Intendant Moritz Seibert bettet in seiner Bühnenbearbeitung der ersten Geschichte, die 1953 unter dem deutschen Titel Fünf Freunde erforschen die Schatzinsel erschien, das Geschehen in eine Rahmenhandlung ein. Die alte George, wunderbar gespielt von der bald 79-jährigen Giselheid Hoensch, berichtet dem Immobilienhai Mr. Peters (Bernard Niemeyer) von den tollen Ferien damals. Die Vergangenheit wird so zu einer doppelten Gegenwart: der im Rückblick erzählten und der dramatischen Jetztzeit. Das drehbare hohe Holzgerüst von Bühnenbildner­ ­Laurentiu Tuturuga imaginiert alle Schauplätze von der wellenumtosten Felseninsel und dem geheimnisvollen Schiffswrack bis zum einsamen Haus am Meer, in dem George mit ihren Eltern lebt.
So richtig klasse finden die Geschwister Julian, Richard und Anne es nicht, dass sie dort den Sommer verbringen sollen. Der leicht verschrobene Onkel Quentin (sympathisch introvertiert: Jan Hermann) ist mit seinen wissenschaftlichen Forschungen beschäftigt, Tante Fanny (mütterlich liebenswürdig: Andrea Brunetti) sorgt für den bescheidenen Haushalt. Cousine Georgina möchte George genannt werden und nimmt die Stadtkinder recht kratzbürstig in Empfang. Seibert stellt in seiner Inszenierung diese Figur ins Zentrum, die sich den Konventionen widersetzt und damit auch Blytons klischeebehaftete Romanwelt unterläuft. George, fabelhaft sensibel verkörpert von Louise Buhl (alternierend mit Tamina Friedrich, beide Jahrgang 2002, beide waren schon als Pünktchen in der JTB-Erfolgsproduktion Pünktchen und Anton zu erleben) möchte ein Junge sein.

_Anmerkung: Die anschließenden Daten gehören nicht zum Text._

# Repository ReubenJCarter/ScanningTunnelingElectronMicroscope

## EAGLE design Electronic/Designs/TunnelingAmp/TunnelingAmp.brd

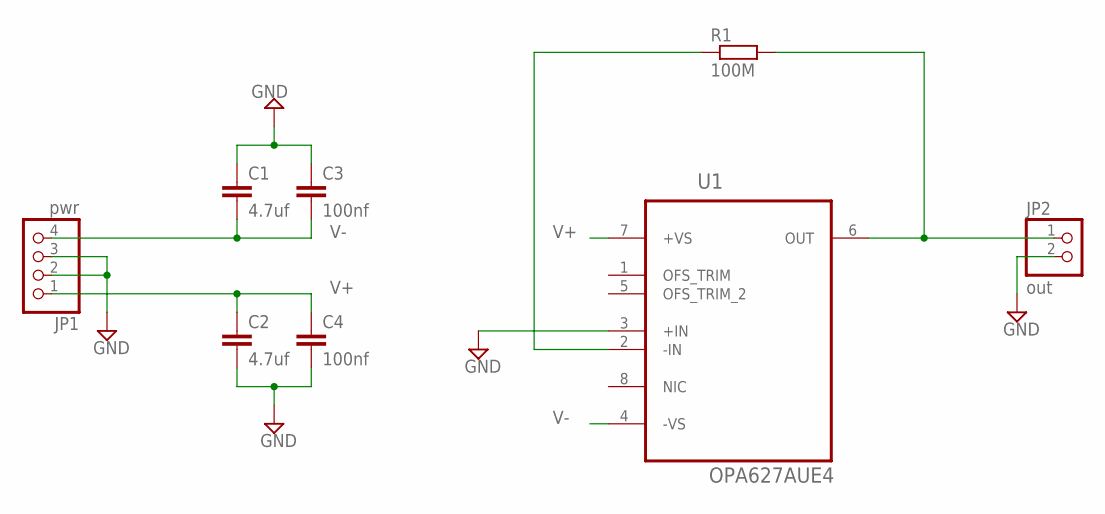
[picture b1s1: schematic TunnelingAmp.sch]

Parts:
C1, C2: 4.7uf; C1210
C3, C4: 100nf; C0603
JP1: pwr; 1X04
JP2: out; 1X02
R1: 100M; R0805
U1: OPA627AUE4; SOIC127P600X175-8N

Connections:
GND: C1.1, C2.2, C3.1, C4.2, JP1.2, JP1.3, JP2.2, U1.3 (+IN)
unnamed: R1.1, U1.2 (-IN)
unnamed: JP2.1, R1.2, U1.6 (OUT)
V+: C2.1, C4.1, JP1.1, U1.7 (+VS)
V-: C1.2, C3.2, JP1.4, U1.4 (-VS)

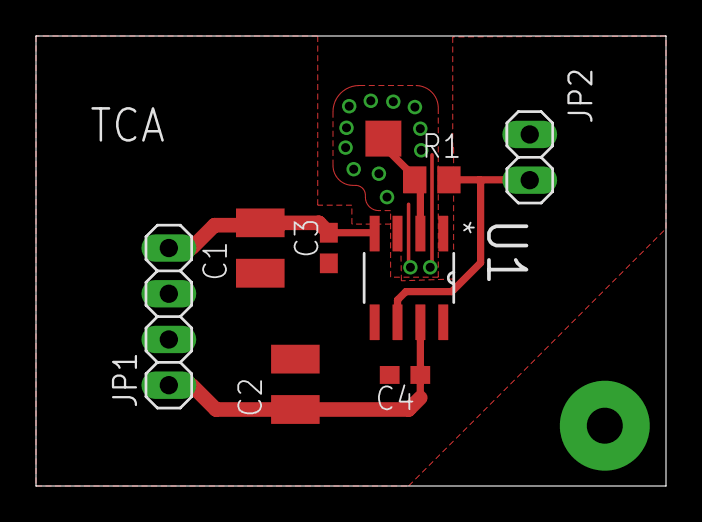
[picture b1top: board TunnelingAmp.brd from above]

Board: 2 copper layers, 35.0 x 25.0 mm, 8 parts (0 on the bottom side), 5 nets.

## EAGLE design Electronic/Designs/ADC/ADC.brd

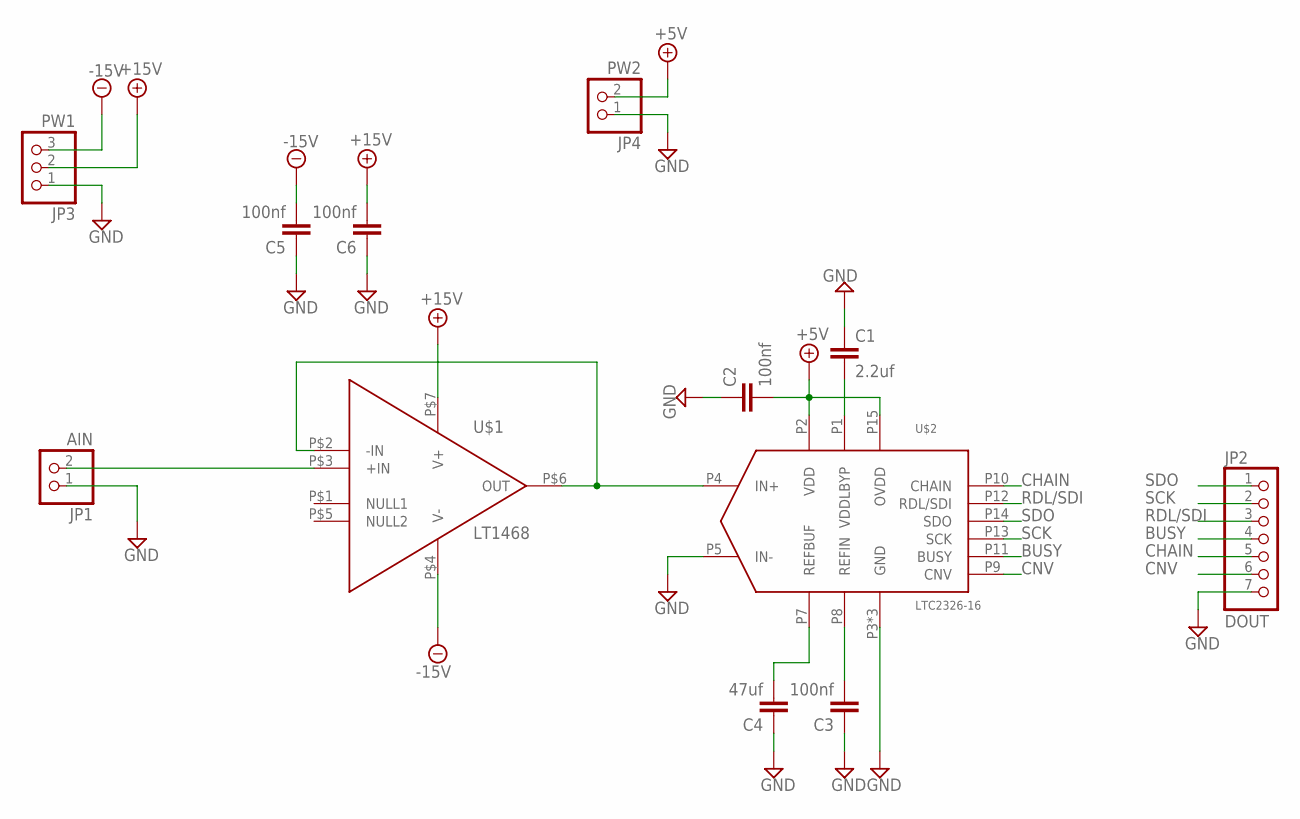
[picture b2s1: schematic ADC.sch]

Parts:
C1: 2.2uf; C0603
C2, C3, C5, C6: 100nf; C0603
C4: 47uf; C0603
JP1: AIN; 1X02
JP2: DOUT; 1X07
JP3: PW1; 1X03
JP4: PW2; 1X02
U$1: LT1468; SOIC-8
U$2: LTC2326-16; 16-MSOP

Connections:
+5V: C2.2, JP4.2, U$2.P2 (VDD), U$2.P15 (OVDD)
+15V: C6.2, JP3.2, U$1.P$7 (V+)
-15V: C5.2, JP3.3, U$1.P$4 (V-)
BUSY: JP2.4, U$2.P11 (BUSY)
CHAIN: JP2.5, U$2.P10 (CHAIN)
CNV: JP2.6, U$2.P9 (CNV)
GND: C1.1, C2.1, C3.1, C4.1, C5.1, C6.1, JP1.1, JP2.7, JP3.1, JP4.1, U$2.P3 (GND), U$2.P5 (IN-), U$2.P6 (GND), U$2.P16 (GND)
unnamed: U$1.P$2 (-IN), U$1.P$6 (OUT), U$2.P4 (IN+)
unnamed: C4.2, U$2.P7 (REFBUF)
unnamed: C3.2, U$2.P8 (REFIN)
unnamed: C1.2, U$2.P1 (VDDLBYP)
unnamed: JP1.2, U$1.P$3 (+IN)
RDL/SDI: JP2.3, U$2.P12 (RDL/SDI)
SCK: JP2.2, U$2.P13 (SCK)
SDO: JP2.1, U$2.P14 (SDO)

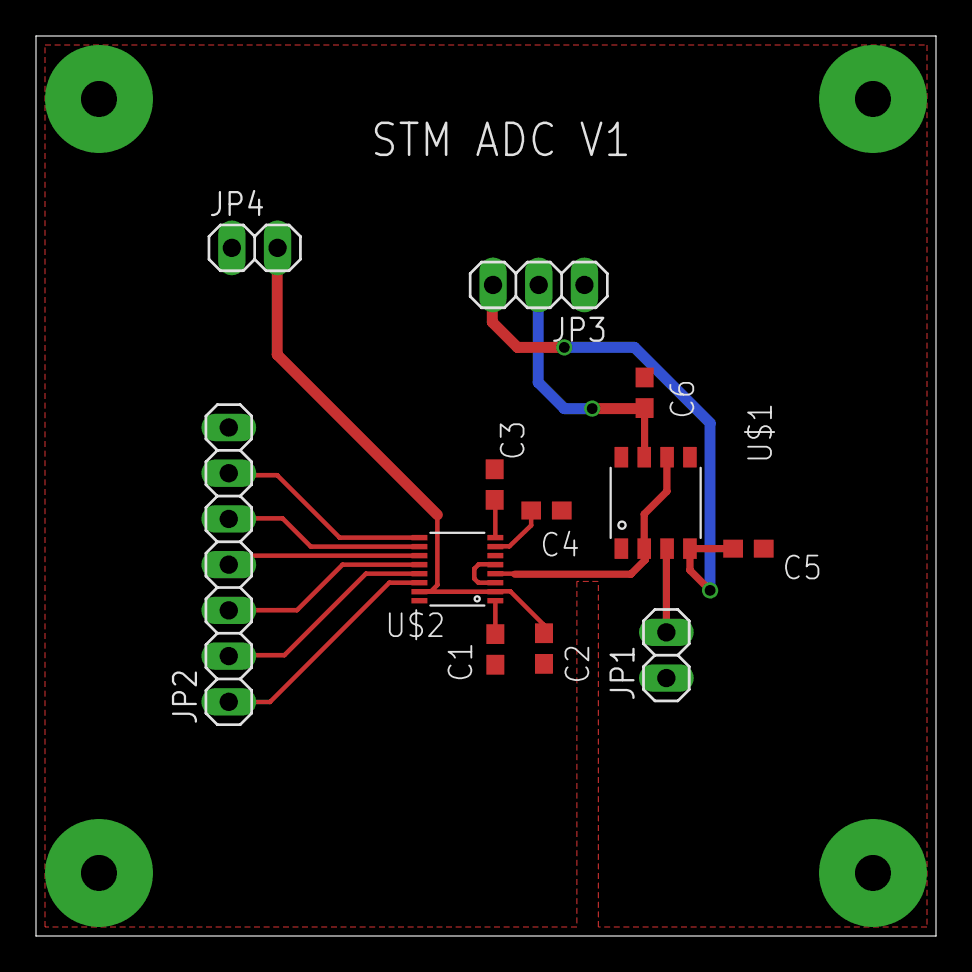
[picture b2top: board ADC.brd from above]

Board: 2 copper layers, 50.0 x 50.0 mm, 12 parts (0 on the bottom side), 15 nets.

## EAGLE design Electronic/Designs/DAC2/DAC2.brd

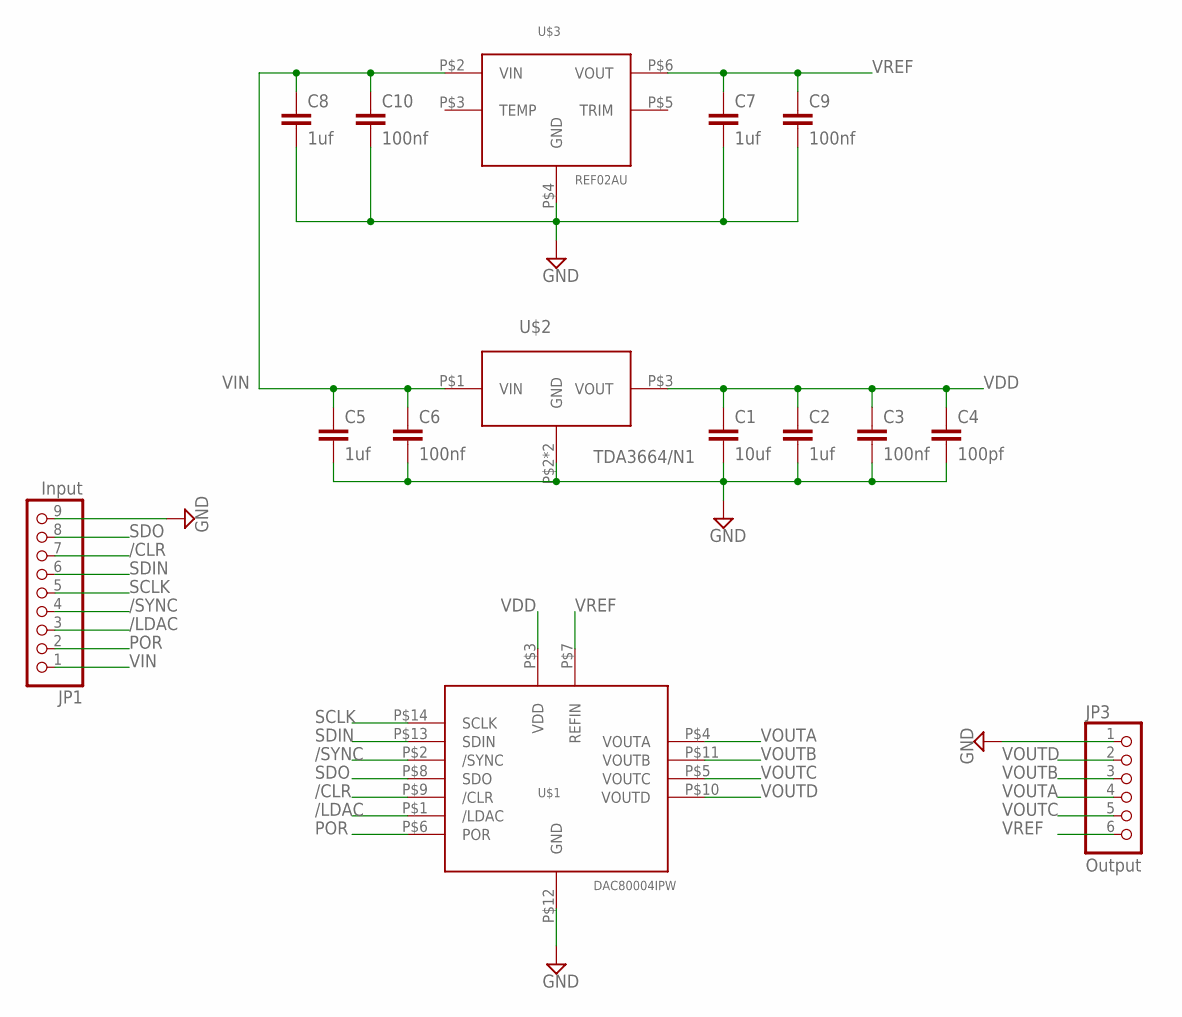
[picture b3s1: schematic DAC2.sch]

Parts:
C1: 10uf; C1210
C2, C5, C7, C8: 1uf; C0603
C3, C6, C9, C10: 100nf; C0603
C4: 100pf; C0603
JP1: Input; 1X09
JP3: Output; 1X06
U$1: DAC80004IPW; TSSOP14
U$2: TDA3664/N1; SOT223
U$3: REF02AU; SO8

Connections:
/CLR: JP1.7, U$1.P$9 (/CLR)
/LDAC: JP1.3, U$1.P$1 (/LDAC)
/SYNC: JP1.4, U$1.P$2 (/SYNC)
GND: C1.2, C2.2, C3.2, C4.2, C5.2, C6.2, C7.2, C8.2, C9.2, C10.2, JP1.9, JP3.1, U$1.P$12 (GND), U$2.P$2 (GND), U$2.P$4 (GND), U$3.P$4 (GND)
POR: JP1.2, U$1.P$6 (POR)
SCLK: JP1.5, U$1.P$14 (SCLK)
SDIN: JP1.6, U$1.P$13 (SDIN)
SDO: JP1.8, U$1.P$8 (SDO)
VDD: C1.1, C2.1, C3.1, C4.1, U$1.P$3 (VDD), U$2.P$3 (VOUT)
VIN: C5.1, C6.1, C8.1, C10.1, JP1.1, U$2.P$1 (VIN), U$3.P$2 (VIN)
VOUTA: JP3.4, U$1.P$4 (VOUTA)
VOUTB: JP3.3, U$1.P$11 (VOUTB)
VOUTC: JP3.5, U$1.P$5 (VOUTC)
VOUTD: JP3.2, U$1.P$10 (VOUTD)
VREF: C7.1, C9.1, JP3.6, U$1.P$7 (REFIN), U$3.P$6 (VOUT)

Julian (Gustavo Maia Jochim / Benedikt Lewalter, beide Jahrgang 2001 und ebenfalls erfahrene Theatertalente) akzeptiert das ganz einfach: „Du bist ein cooler Cousin.“ Die Sprache der jungen Akteure ist heutig, ihre Welt bleibt jedoch so zeitlos wie die wieder mal jede Gestalt perfekt charakterisierenden Kostüme von Ausstattungsleiterin Brigitte Winter.
Ein echter Sonnyboy ist Richard (Oscar Kafsack / Victor Abs, beide Jahrgang 2003 und zum ersten Mal in großen Rollen am JTB zu sehen). Ohne dessen Mut wäre die Sache mit dem Goldschatz auf dem Schiff von Georges Urahn nicht so gut gelaufen. Ohne die Intelligenz der kleinen Anne (kindlich kokett: Maxine Bender / Lily Spiegel, beide sind JTB-Debütantinnen) aber auch nicht. Und schon gar nicht ohne den tapferen Ozeanschwimmer Alfio (Josia Vantroyen / David Tereschin), der nicht nur die Polizei (Sandra Kernenbach, auf männliche Nebenrollen außer ihrer Funktion als Regieassistentin am JTB spezialisiert) im entscheidenden Moment herbeiholt. Zudem hütet er heimlich Tim, den George manchmal für den einzigen Menschen hält, der sie versteht. Tim ist ein „cooler“ Hund, liebenswürdig ohne jede Starallüren verkörpert von Svenja. Das kluge weibliche Tier, 2005 als Promenadenmischung in Griechenland geboren und im JTB unter der Obhut des Bühnentechnikers Karl Lienkamp (zusammen mit Bernard Niemeyer gibt er die kriminellen Gegner der Kinder) herangewachsen, ist als fünfter Freund ein echter Schatz: Unaufgeregt kommentiert Tim auf leisen Pfoten alle Umtriebe. Unaufdringlich ist auch die Musik des bekannten Bühnenkomponisten Serge Weber, die als emotionale Tonkulisse mit raffinierten Klangeffekten Hintergrundfarben in die Story mischt. Ein paar berührende Sekunden lang ist Julian dann doch der pubertierende Troubadour, der Georginas George-Panzer mit einem zärtlichen Song angreift.
Romantisch sentimentale Rückschau ist ansonsten nicht angesagt. Sicher ist nur, das old Boy-Girl George ihre/seine Insel für kein Geld der Welt verkaufen würde. Das ist so schön, dass das Publikum das neue Stück sofort ins Herz schloss und die Uraufführung mit stürmischem Beifall belohnte. E.E.-K.
Empfohlen für Theaterfreunde ab 8 Jahren.